To recover Einstein's equations (sourceless) in string theory, start with the following world sheet theory (Polchinski vol 1 eq 3.7.2):

$$S = \frac{1}{4\pi \alpha'} \int_M d^2\sigma\, g^{1/2} g^{ab}G_{\mu\nu}(X) \partial_aX^\mu \partial_bX^\nu$$ where $g$ is the worldsheet metric, $G$ is the spacetime metric, and $X$ are the string embedding coordinates. This is an action for strings moving in a curved spacetime. This theory is classically scale-invariant, but after quantization there is a Weyl anomaly measured by the non-vanishing of the beta functional. In fact, one can show that to order $\alpha'$, one has $$\beta^G_{\mu\nu} = \alpha' R^G_{\mu\nu}$$ where $R^G$ is the spacetime Ricci tensor.

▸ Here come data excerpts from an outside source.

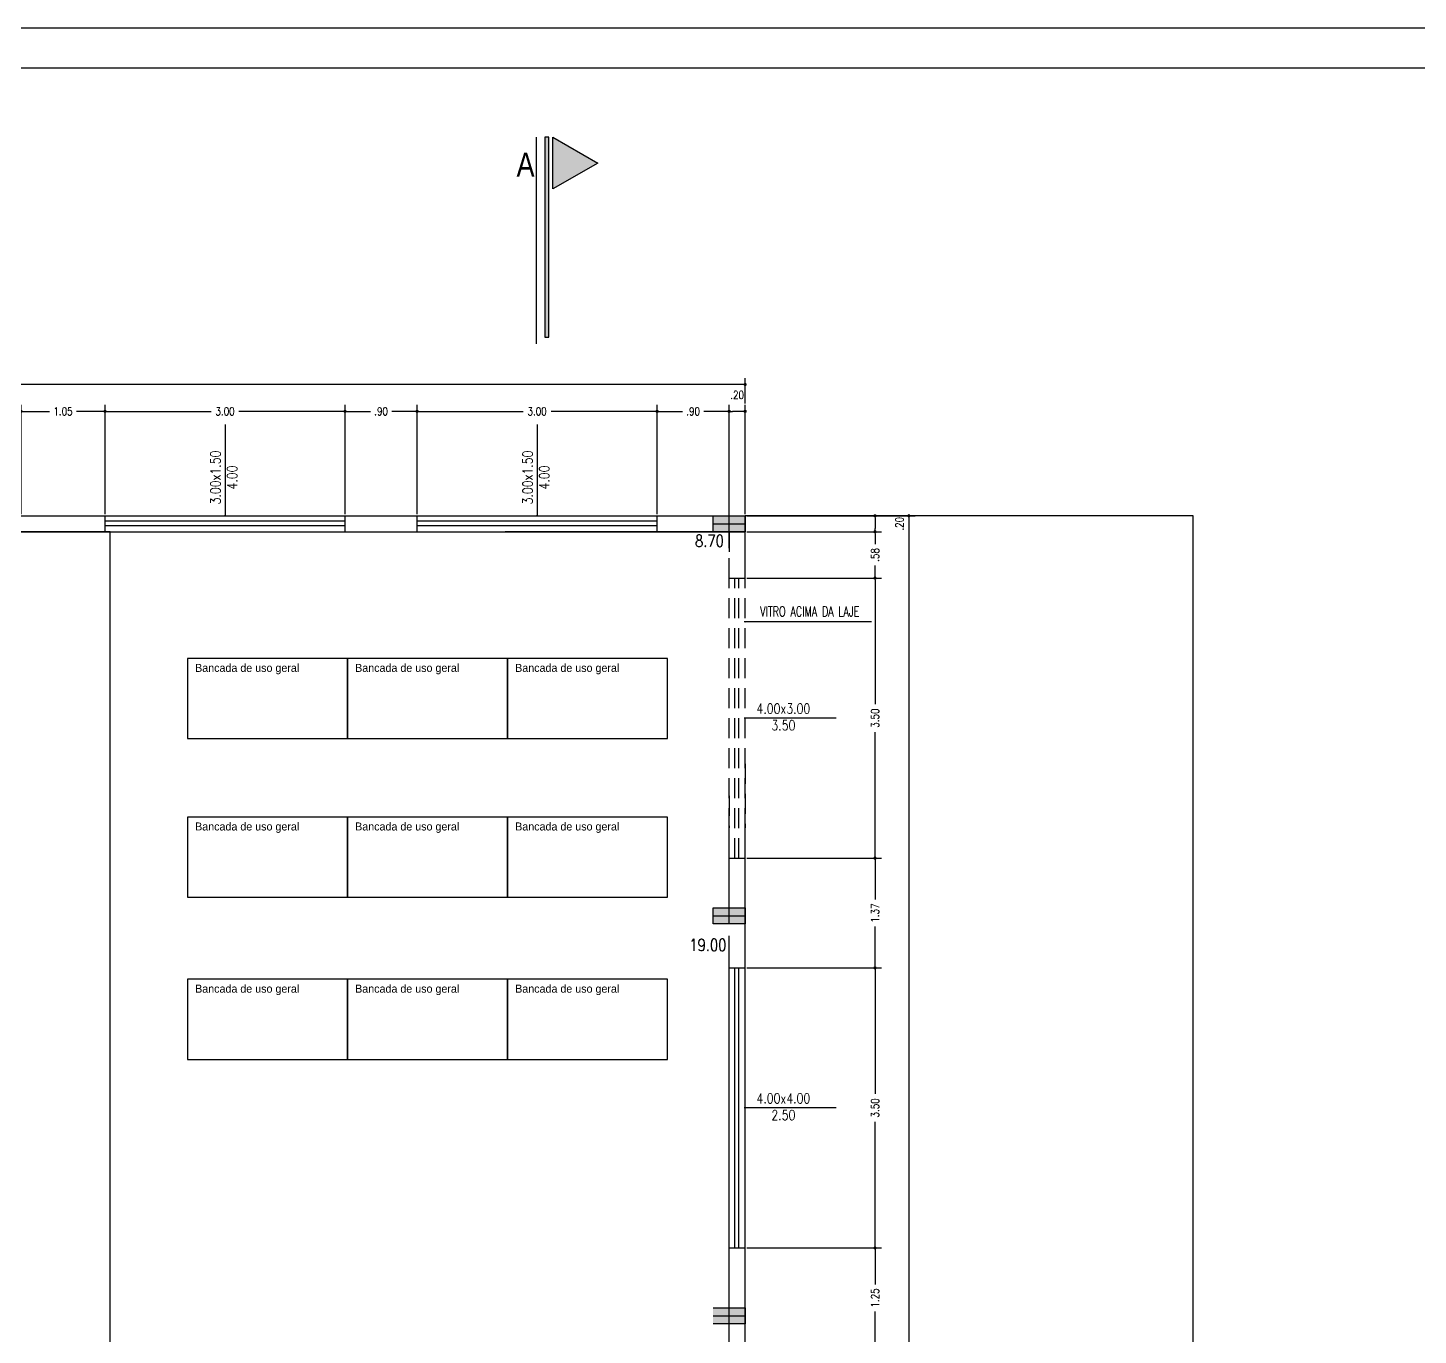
# Model space of a CAD drawing. Extents: x -4780 to 4154, y -1673 to 3208.
# Drawn here: x 646.37 to 663.75, y -444.16 to -427.82 of the extents above; entities that cross this region are included whole.
import ezdxf
from ezdxf.enums import TextEntityAlignment as Align

# ---------------------------------------------------------------- set-up
doc = ezdxf.new("R2010")
doc.units = 0
doc.header["$MEASUREMENT"] = 0
doc.header["$PDMODE"] = 34
doc.linetypes.add('HIDDEN', pattern=[0.375, 0.25, -0.125])
for name, color, linetype in [('COTAS', 5, 'Continuous'), ('FUND-ESTACA20T', 30, 'Continuous'), ('MAQUINAS', 7, 'Continuous'), ('MG', 5, 'Continuous'), ('PENA01', 1, 'Continuous'), ('PENA02', 2, 'Continuous'), ('PENA025', 8, 'Continuous'), ('PENA04', 3, 'Continuous'), ('pena06', 4, 'Continuous'), ('PF', 9, 'Continuous'), ('VERMELHA', 10, 'Continuous')]:
    doc.layers.add(name, color=color, linetype=linetype)
doc.styles.add('ARIAL', font='txt', dxfattribs={"height": 0.35277})
doc.styles.add('CALIXTO', font='txt')
doc.styles.add('ROMANS', font='romand.shx', dxfattribs={"width": 0.8})
doc.dimstyles.new('CORTE100', dxfattribs={"dimtxt": 0.1, "dimasz": 0.04, "dimexe": 0.08, "dimexo": 0.02, "dimgap": 0.05, "dimtad": 0, "dimzin": 4, "dimdsep": 46, "dimtxsty": 'ROMANS', "dimblk1": 'DOT', "dimblk2": 'DOT', "dimsah": 1, "dimcen": 0.09, "dimclrd": 30, "dimclre": 30, "dimclrt": 5, "dimadec": 0, "dimazin": 0, "dimtfac": 1, "dimtofl": 0, "dimtmove": 2, "dimatfit": 3, "dimldrblk": 'DOT', "dimfxl": 1, "dimtolj": 1, "dimtzin": 0, "dimarcsym": 0})
doc.dimstyles.new('INTERNA', dxfattribs={"dimscale": 0, "dimtxt": 0.15, "dimasz": 0.1, "dimexe": 0.1, "dimexo": 0.16, "dimgap": 0.09, "dimtad": 1, "dimzin": 4, "dimdsep": 46, "dimtxsty": 'ROMANS', "dimblk1": 'OBLIQUE', "dimblk2": 'OBLIQUE', "dimsah": 1, "dimcen": 0.09, "dimse1": 1, "dimse2": 1, "dimsd1": 1, "dimsd2": 1, "dimclrd": 4, "dimclre": 4, "dimadec": 0, "dimazin": 0, "dimtfac": 0.666667, "dimtofl": 0, "dimtmove": 2, "dimatfit": 3, "dimldrblk": 'OBLIQUE', "dimfxl": 1, "dimtolj": 1, "dimtzin": 0, "dimarcsym": 0})

# ---------------------------------------------------------------- blocks, each defined once
blk = doc.blocks.new('DOT')
at = {"layer": 'PENA01', "color": 0, "linetype": 'ByBlock'}
blk.add_line((-0.5, 0), (-1, 0), dxfattribs=at)
at = {"layer": 'PENA01', "color": 0, "linetype": 'ByBlock', "const_width": 0.5}
blk.add_lwpolyline([(-0.25, 0, 1), (0.25, 0, 1)], format="xyb", close=True, dxfattribs=at)
blk = doc.blocks.new('*D37')
at = {"color": 30, "linetype": 'Continuous', "lineweight": -2, "transparency": 16777216}
for p, q in [((646.289, -433.899), (646.289, -432.534)), ((646.329, -432.614), (646.646, -432.614)), ((647.299, -432.614), (646.982, -432.614)), ((647.339, -433.899), (647.339, -432.534))]:
    blk.add_line(p, q, dxfattribs=at)
at = {"layer": 'DEFPOINTS', "color": 0, "linetype": 'Continuous', "transparency": 16777216}
for p in [(646.289, -432.614), (646.289, -433.919), (647.339, -433.919)]:
    blk.add_point(p, dxfattribs=at)
at = {"color": 30, "linetype": 'Continuous', "lineweight": -2, "transparency": 16777216, "xscale": 0.04, "yscale": 0.04, "zscale": 0.04, "rotation": 180}
blk.add_blockref('DOT', (646.289, -432.614), dxfattribs=at)
at = {"color": 30, "linetype": 'Continuous', "lineweight": -2, "transparency": 16777216, "xscale": 0.04, "yscale": 0.04, "zscale": 0.04}
blk.add_blockref('DOT', (647.339, -432.614), dxfattribs=at)
at = {"color": 5, "linetype": 'Continuous', "transparency": 16777216, "insert": (646.814, -432.614), "char_height": 0.1, "attachment_point": 5, "style": 'ROMANS'}
blk.add_mtext('\\A1;1.05', dxfattribs=at)
blk = doc.blocks.new('*D38')
at = {"color": 30, "linetype": 'Continuous', "lineweight": -2, "transparency": 16777216}
for p, q in [((647.339, -433.899), (647.339, -432.534)), ((647.379, -432.614), (648.665, -432.614)), ((650.299, -432.614), (649.013, -432.614)), ((650.339, -433.899), (650.339, -432.534))]:
    blk.add_line(p, q, dxfattribs=at)
at = {"layer": 'DEFPOINTS', "color": 0, "linetype": 'Continuous', "transparency": 16777216}
for p in [(647.339, -432.614), (647.339, -433.919), (650.339, -433.919)]:
    blk.add_point(p, dxfattribs=at)
at = {"color": 30, "linetype": 'Continuous', "lineweight": -2, "transparency": 16777216, "xscale": 0.04, "yscale": 0.04, "zscale": 0.04, "rotation": 180}
blk.add_blockref('DOT', (647.339, -432.614), dxfattribs=at)
at = {"color": 30, "linetype": 'Continuous', "lineweight": -2, "transparency": 16777216, "xscale": 0.04, "yscale": 0.04, "zscale": 0.04}
blk.add_blockref('DOT', (650.339, -432.614), dxfattribs=at)
at = {"color": 5, "linetype": 'Continuous', "transparency": 16777216, "insert": (648.839, -432.614), "char_height": 0.1, "attachment_point": 5, "style": 'ROMANS'}
blk.add_mtext('\\A1;3.00', dxfattribs=at)
blk = doc.blocks.new('*D39')
at = {"color": 30, "linetype": 'Continuous', "lineweight": -2, "transparency": 16777216}
for p, q in [((650.339, -433.899), (650.339, -432.534)), ((650.379, -432.614), (650.655, -432.614)), ((651.199, -432.614), (650.923, -432.614)), ((651.239, -433.899), (651.239, -432.534))]:
    blk.add_line(p, q, dxfattribs=at)
at = {"layer": 'DEFPOINTS', "color": 0, "linetype": 'Continuous', "transparency": 16777216}
for p in [(650.339, -432.614), (650.339, -433.919), (651.239, -433.919)]:
    blk.add_point(p, dxfattribs=at)
at = {"color": 30, "linetype": 'Continuous', "lineweight": -2, "transparency": 16777216, "xscale": 0.04, "yscale": 0.04, "zscale": 0.04, "rotation": 180}
blk.add_blockref('DOT', (650.339, -432.614), dxfattribs=at)
at = {"color": 30, "linetype": 'Continuous', "lineweight": -2, "transparency": 16777216, "xscale": 0.04, "yscale": 0.04, "zscale": 0.04}
blk.add_blockref('DOT', (651.239, -432.614), dxfattribs=at)
at = {"color": 5, "linetype": 'Continuous', "transparency": 16777216, "insert": (650.789, -432.614), "char_height": 0.1, "attachment_point": 5, "style": 'ROMANS'}
blk.add_mtext('\\A1;.90', dxfattribs=at)
blk = doc.blocks.new('*D40')
at = {"color": 30, "linetype": 'Continuous', "lineweight": -2, "transparency": 16777216}
for p, q in [((651.239, -433.899), (651.239, -432.534)), ((651.279, -432.614), (652.565, -432.614)), ((654.199, -432.614), (652.913, -432.614)), ((654.239, -433.899), (654.239, -432.534))]:
    blk.add_line(p, q, dxfattribs=at)
at = {"layer": 'DEFPOINTS', "color": 0, "linetype": 'Continuous', "transparency": 16777216}
for p in [(654.239, -432.614), (651.239, -433.919), (654.239, -433.919)]:
    blk.add_point(p, dxfattribs=at)
at = {"color": 30, "linetype": 'Continuous', "lineweight": -2, "transparency": 16777216, "xscale": 0.04, "yscale": 0.04, "zscale": 0.04, "rotation": 180}
blk.add_blockref('DOT', (651.239, -432.614), dxfattribs=at)
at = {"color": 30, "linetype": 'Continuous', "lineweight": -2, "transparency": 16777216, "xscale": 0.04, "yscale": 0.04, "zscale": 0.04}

Notice that now, if we enforce scale-invariance at the qauntum level, then the beta function must vanish, and we reproduce the vacuum Einstein equations; $$R_{\mu\nu} = 0$$ So in summary, the Einstein equations can be recovered in string theory by enforcing scale-invariance of a worldsheet theory at the quantum level!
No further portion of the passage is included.